▸ **Task statement**
Which lines to output? The line containing "Rectangle(MODEL_W_23, MODEL_H_25, mode=Mode.SUBTRACT)" and every line after it in the data below, each copied exactly.

▸ **Records shown**
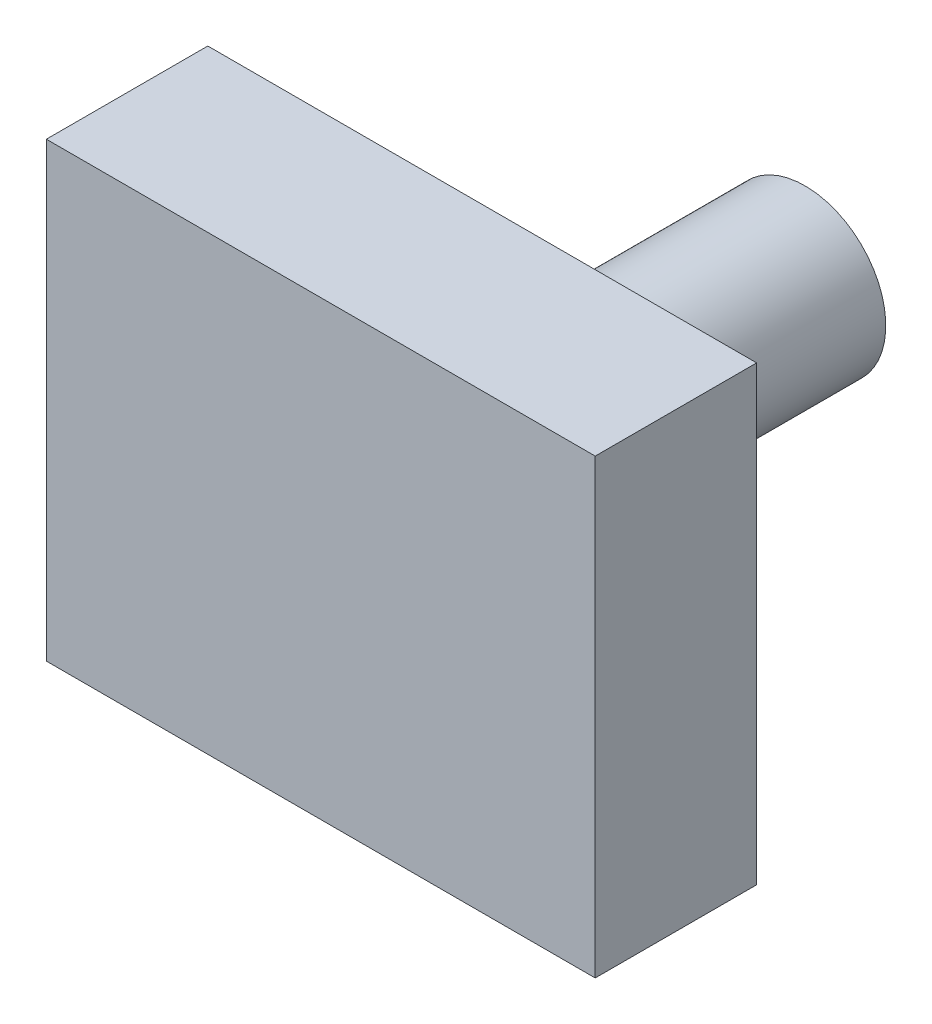
from build123d import *

# Parameters (mm, degrees)
ESQUISSE1_W        = 17
ESQUISSE1_H        = 14
BOSS_EXTRU_1_DEPTH = 5
ESQUISSE2_R        = 2.5
BOSS_EXTRU_2_DEPTH = 10


with BuildPart() as part:
    # Esquisse1 → Boss.-Extru.1 (new body)
    with BuildSketch(Plane.XY):
        Rectangle(ESQUISSE1_W, ESQUISSE1_H)
    extrude(amount=BOSS_EXTRU_1_DEPTH)

    # Esquisse2 → Boss.-Extru.2 (add)
    with BuildSketch(Plane(origin=(0, 0, 0), x_dir=(-1, 0, 0), z_dir=(0, 0, -1))):
        Circle(ESQUISSE2_R)
    extrude(amount=BOSS_EXTRU_2_DEPTH)


solid = part.part
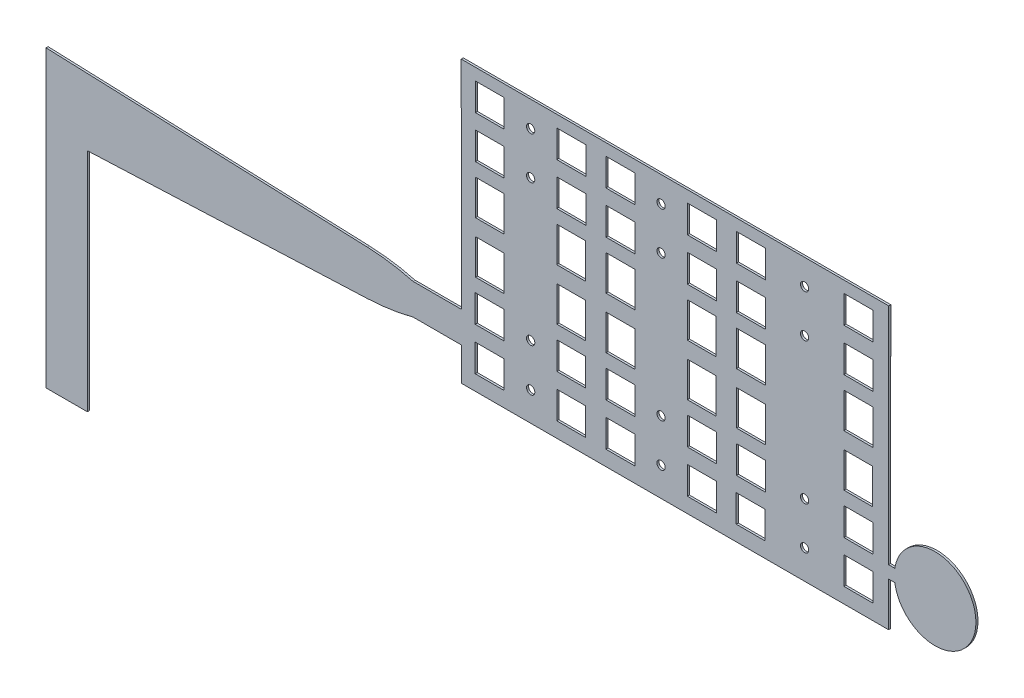
from build123d import *

# Parameters (mm, degrees)
MODEL_W                 = 7
MODEL_H                 = 6.630942294
MODEL_R                 = 1
MODEL_H_2               = 6.665988923
MODEL_H_3               = 6.616925392
MODEL_W_2               = 6.894659676
MODEL_H_4               = 8.495329649
MODEL_W_3               = 6.931437676
MODEL_H_5               = 8.494574831
MODEL_W_4               = 6.945883789
MODEL_H_6               = 6.634462872
MODEL_W_5               = 6.945884607
MODEL_H_7               = 6.629235122
MODEL_H_8               = 6.665988292
MODEL_W_6               = 6.98486848
MODEL_H_9               = 8.493402688
MODEL_W_7               = 6.919033543
MODEL_H_10              = 8.493333457
MODEL_W_8               = 6.925909472
MODEL_H_11              = 8.480055213
MODEL_H_12              = 6.679117497
MODEL_W_9               = 6.918536766
MODEL_H_13              = 8.489695878
MODEL_W_10              = 6.932983656
MODEL_H_14              = 8.48218631
MODEL_W_11              = 6.9390223
MODEL_H_15              = 8.492459023
MODEL_W_12              = 6.962590687
MODEL_H_16              = 8.493212208
MODEL_W_13              = 7.046520324
MODEL_H_17              = 6.629235123
MODEL_W_14              = 6.990015383
MODEL_H_18              = 6.675568647
MODEL_W_15              = 6.986834533
MODEL_H_19              = 8.480263561
MODEL_W_16              = 7.007978018
MODEL_W_17              = 6.977229442
MODEL_H_20              = 6.651040969
MODEL_W_18              = 7.031778298
MODEL_H_21              = 6.666902264
MODEL_W_19              = 6.962559352
MODEL_H_22              = 8.490997903
MODEL_W_20              = 6.989908154
MODEL_H_23              = 8.487666137
MODEL_W_21              = 6.994692138
MODEL_H_24              = 6.664080705
MODEL_W_22              = 7.005823033
MODEL_W_23              = 6.978695261
MODEL_H_25              = 6.648516769
SALIENTE_EXTRUIR1_DEPTH = 0.5


with BuildPart() as part:
    # Model → Saliente-Extruir1 (new body)
    with BuildSketch(Plane.XY):
        with BuildLine():
            Line((37.538312164, 4.987311607), (-40.154218399, 7.873567564))
            Line((-40.154218399, 7.873567564), (-40.154218399, -8.673577492))
            Line((-40.154218399, -8.673577492), (-40.154218399, -63.338132205))
            Line((-40.154218399, -63.338132205), (-30.154218399, -63.338132205))
            Line((-30.154218399, -63.338132205), (-30.154218399, -8.673577492))
            Line((-30.154218399, -8.673577492), (37.538263405, -5.787324088))
            add(Edge.make_bspline(
                [(48.594154861, -4.136124813), (48.367913722, -4.193288955), (47.915453693, -4.307611618), (47.23566531, -4.474625553), (46.553617247, -4.632174794), (45.868830038, -4.777481428), (45.181898967, -4.912437871), (44.263747793, -5.080377515), (43.112104197, -5.268009891), (42.032647568, -5.41213118), (41.10554392, -5.520018269), (40.409230851, -5.592467379), (39.634382447, -5.660288835), (38.936137709, -5.709903635), (38.237343308, -5.750702893), (37.771323367, -5.775115278), (37.538263405, -5.787324088)],
                knots=[0, 0, 0, 0, 0.062504393, 0.125002639, 0.187496914, 0.249996468, 0.312501528, 0.375006405, 0.500003401, 0.625000535, 0.666669894, 0.750008374, 0.812507807, 0.875002871, 0.937501105, 1, 1, 1, 1], degree=3))
            Line((48.594154861, -4.136124813), (60.258217894, -4.136124813))
            Line((60.258217894, -4.136124813), (60.258217894, -12.160684509))
            Line((60.258217894, -12.160684509), (163.540625482, -12.124027703))
            Line((163.540625482, -12.124027703), (163.54649977, -1.5))
            Line((163.54649977, -1.5), (165.04649977, -1.5))
            ThreePointArc((165.04649977, -1.5), (184.661209598, 0), (165.04649977, 1.5))
            Line((165.04649977, 1.5), (163.54649977, 1.5))
            Line((163.54649977, 1.5), (163.57348998, 55.705485689))
            Line((163.57348998, 55.705485689), (60.228633408, 55.705485689))
            Line((60.228633408, 55.705485689), (60.258217894, 3.336112806))
            Line((60.258217894, 3.336112806), (48.594163044, 3.336112806))
            add(Edge.make_bspline(
                [(48.594163044, 3.336112806), (48.367913722, 3.393279027), (47.915453693, 3.50760169), (47.23566531, 3.674615625), (46.553617247, 3.832164867), (45.868830038, 3.9774715), (45.181898967, 4.112427943), (44.263747793, 4.280367588), (43.112104197, 4.467999963), (42.032647568, 4.612121252), (41.10554392, 4.720008341), (40.409230851, 4.792457451), (39.634382447, 4.860278908), (38.936137709, 4.909893707), (38.237343308, 4.950692965), (37.771323367, 4.97510535), (37.538312164, 4.987311607)],
                knots=[0, 0, 0, 0, 0.062504393, 0.125002639, 0.187496914, 0.249996468, 0.312501528, 0.375006405, 0.500003401, 0.625000535, 0.666669894, 0.750008374, 0.812507807, 0.875002871, 0.937501105, 1, 1, 1, 1], degree=3))
        make_face()
        with Locations((67.103297518, -5.177437758)):
            Rectangle(MODEL_W, MODEL_H, mode=Mode.SUBTRACT)
        with Locations((77.015243359, -5.177437758)):
            Circle(MODEL_R, mode=Mode.SUBTRACT)
        with Locations((86.826552665, -5.177437758)):
            Rectangle(MODEL_W, MODEL_H, mode=Mode.SUBTRACT)
        with Locations((98.679508109, -5.156339417)):
            Rectangle(MODEL_W, MODEL_H_2, mode=Mode.SUBTRACT)
        with Locations((108.542264355, -5.177437758)):
            Circle(MODEL_R, mode=Mode.SUBTRACT)
        with Locations((118.387058487, -5.156339417)):
            Rectangle(MODEL_W, MODEL_H_2, mode=Mode.SUBTRACT)
        with Locations((130.20380789, -5.127457551)):
            Rectangle(MODEL_W, MODEL_H_3, mode=Mode.SUBTRACT)
        with Locations((143.244127713, -5.127457551)):
            Circle(MODEL_R, mode=Mode.SUBTRACT)
        with Locations((156.229046199, -5.127457551)):
            Rectangle(MODEL_W, MODEL_H_3, mode=Mode.SUBTRACT)
        with Locations((67.103297518, 5.177437758)):
            Rectangle(MODEL_W, MODEL_H, mode=Mode.SUBTRACT)
        with Locations((67.15596768, 16.006321005)):
            Rectangle(MODEL_W_2, MODEL_H_4, mode=Mode.SUBTRACT)
        with Locations((67.13757868, 28.458139139)):
            Rectangle(MODEL_W_3, MODEL_H_5, mode=Mode.SUBTRACT)
        with Locations((67.130355624, 39.270538007)):
            Rectangle(MODEL_W_4, MODEL_H_6, mode=Mode.SUBTRACT)
        with Locations((67.130355214, 49.519545861)):
            Rectangle(MODEL_W_5, MODEL_H_7, mode=Mode.SUBTRACT)
        with Locations((77.015243359, 5.177437758)):
            Circle(MODEL_R, mode=Mode.SUBTRACT)
        with Locations((86.826552665, 5.177437758)):
            Rectangle(MODEL_W, MODEL_H, mode=Mode.SUBTRACT)
        with Locations((98.679507588, 5.156339102)):
            Rectangle(MODEL_W, MODEL_H_8, mode=Mode.SUBTRACT)
        with Locations((108.542264355, 5.156339102)):
            Circle(MODEL_R, mode=Mode.SUBTRACT)
        with Locations((118.387058487, 5.156339102)):
            Rectangle(MODEL_W, MODEL_H_8, mode=Mode.SUBTRACT)
        with Locations((86.818986905, 15.993424774)):
            Rectangle(MODEL_W_6, MODEL_H_9, mode=Mode.SUBTRACT)
        with Locations((98.719990817, 15.984745022)):
            Rectangle(MODEL_W_7, MODEL_H_10, mode=Mode.SUBTRACT)
        with Locations((118.350013223, 15.969029564)):
            Rectangle(MODEL_W_8, MODEL_H_11, mode=Mode.SUBTRACT)
        with Locations((130.23009374, 5.127722451)):
            Rectangle(MODEL_W, MODEL_H_12, mode=Mode.SUBTRACT)
        with Locations((143.244127713, 5.12772245)):
            Circle(MODEL_R, mode=Mode.SUBTRACT)
        with Locations((156.243713309, 5.127722451)):
            Rectangle(MODEL_W, MODEL_H_12, mode=Mode.SUBTRACT)
        with Locations((130.270825357, 15.960572162)):
            Rectangle(MODEL_W_9, MODEL_H_13, mode=Mode.SUBTRACT)
        with Locations((156.210205137, 15.941309941)):
            Rectangle(MODEL_W_10, MODEL_H_14, mode=Mode.SUBTRACT)
        with Locations((86.796063815, 28.443128998)):
            Rectangle(MODEL_W_11, MODEL_H_15, mode=Mode.SUBTRACT)
        with Locations((98.698212245, 28.433896528)):
            Rectangle(MODEL_W_12, MODEL_H_16, mode=Mode.SUBTRACT)
        with Locations((77.015243359, 39.273151882)):
            Circle(MODEL_R, mode=Mode.SUBTRACT)
        with Locations((86.849812827, 39.273151881)):
            Rectangle(MODEL_W_13, MODEL_H_17, mode=Mode.SUBTRACT)
        with Locations((98.684499897, 39.247508377)):
            Rectangle(MODEL_W_14, MODEL_H_18, mode=Mode.SUBTRACT)
        with Locations((118.380475754, 28.416753005)):
            Rectangle(MODEL_W_15, MODEL_H_19, mode=Mode.SUBTRACT)
        with Locations((108.542264355, 39.273151882)):
            Circle(MODEL_R, mode=Mode.SUBTRACT)
        with Locations((118.391047496, 39.247508377)):
            Rectangle(MODEL_W_16, MODEL_H_18, mode=Mode.SUBTRACT)
        with Locations((77.01524295, 49.519545861)):
            Circle(MODEL_R, mode=Mode.SUBTRACT)
        with Locations((86.849812827, 49.519545861)):
            Rectangle(MODEL_W_13, MODEL_H_7, mode=Mode.SUBTRACT)
        with Locations((98.690892867, 49.532925527)):
            Rectangle(MODEL_W_17, MODEL_H_20, mode=Mode.SUBTRACT)
        with Locations((108.542264094, 49.519545861)):
            Circle(MODEL_R, mode=Mode.SUBTRACT)
        with Locations((118.402947636, 49.568540656)):
            Rectangle(MODEL_W_18, MODEL_H_21, mode=Mode.SUBTRACT)
        with Locations((130.248814064, 28.407849096)):
            Rectangle(MODEL_W_19, MODEL_H_22, mode=Mode.SUBTRACT)
        with Locations((156.238667386, 28.393069365)):
            Rectangle(MODEL_W_20, MODEL_H_23, mode=Mode.SUBTRACT)
        with Locations((130.232747671, 39.222746308)):
            Rectangle(MODEL_W_21, MODEL_H_24, mode=Mode.SUBTRACT)
        with Locations((143.242468972, 39.273151882)):
            Circle(MODEL_R, mode=Mode.SUBTRACT)
        with Locations((156.246624826, 39.222746308)):
            Rectangle(MODEL_W_22, MODEL_H_24, mode=Mode.SUBTRACT)
        with Locations((130.24074611, 49.562169467)):
            Rectangle(MODEL_W_23, MODEL_H_25, mode=Mode.SUBTRACT)
        with Locations((143.242468973, 49.569951436)):
            Circle(MODEL_R, mode=Mode.SUBTRACT)
        with Locations((156.246624826, 49.569951436)):
            Rectangle(MODEL_W_22, MODEL_H_24, mode=Mode.SUBTRACT)
    extrude(amount=SALIENTE_EXTRUIR1_DEPTH)


solid = part.part

▸ **Answer to this exercise**
            Rectangle(MODEL_W_23, MODEL_H_25, mode=Mode.SUBTRACT)
        with Locations((143.242468973, 49.569951436)):
            Circle(MODEL_R, mode=Mode.SUBTRACT)
        with Locations((156.246624826, 49.569951436)):
            Rectangle(MODEL_W_22, MODEL_H_24, mode=Mode.SUBTRACT)
    extrude(amount=SALIENTE_EXTRUIR1_DEPTH)


solid = part.part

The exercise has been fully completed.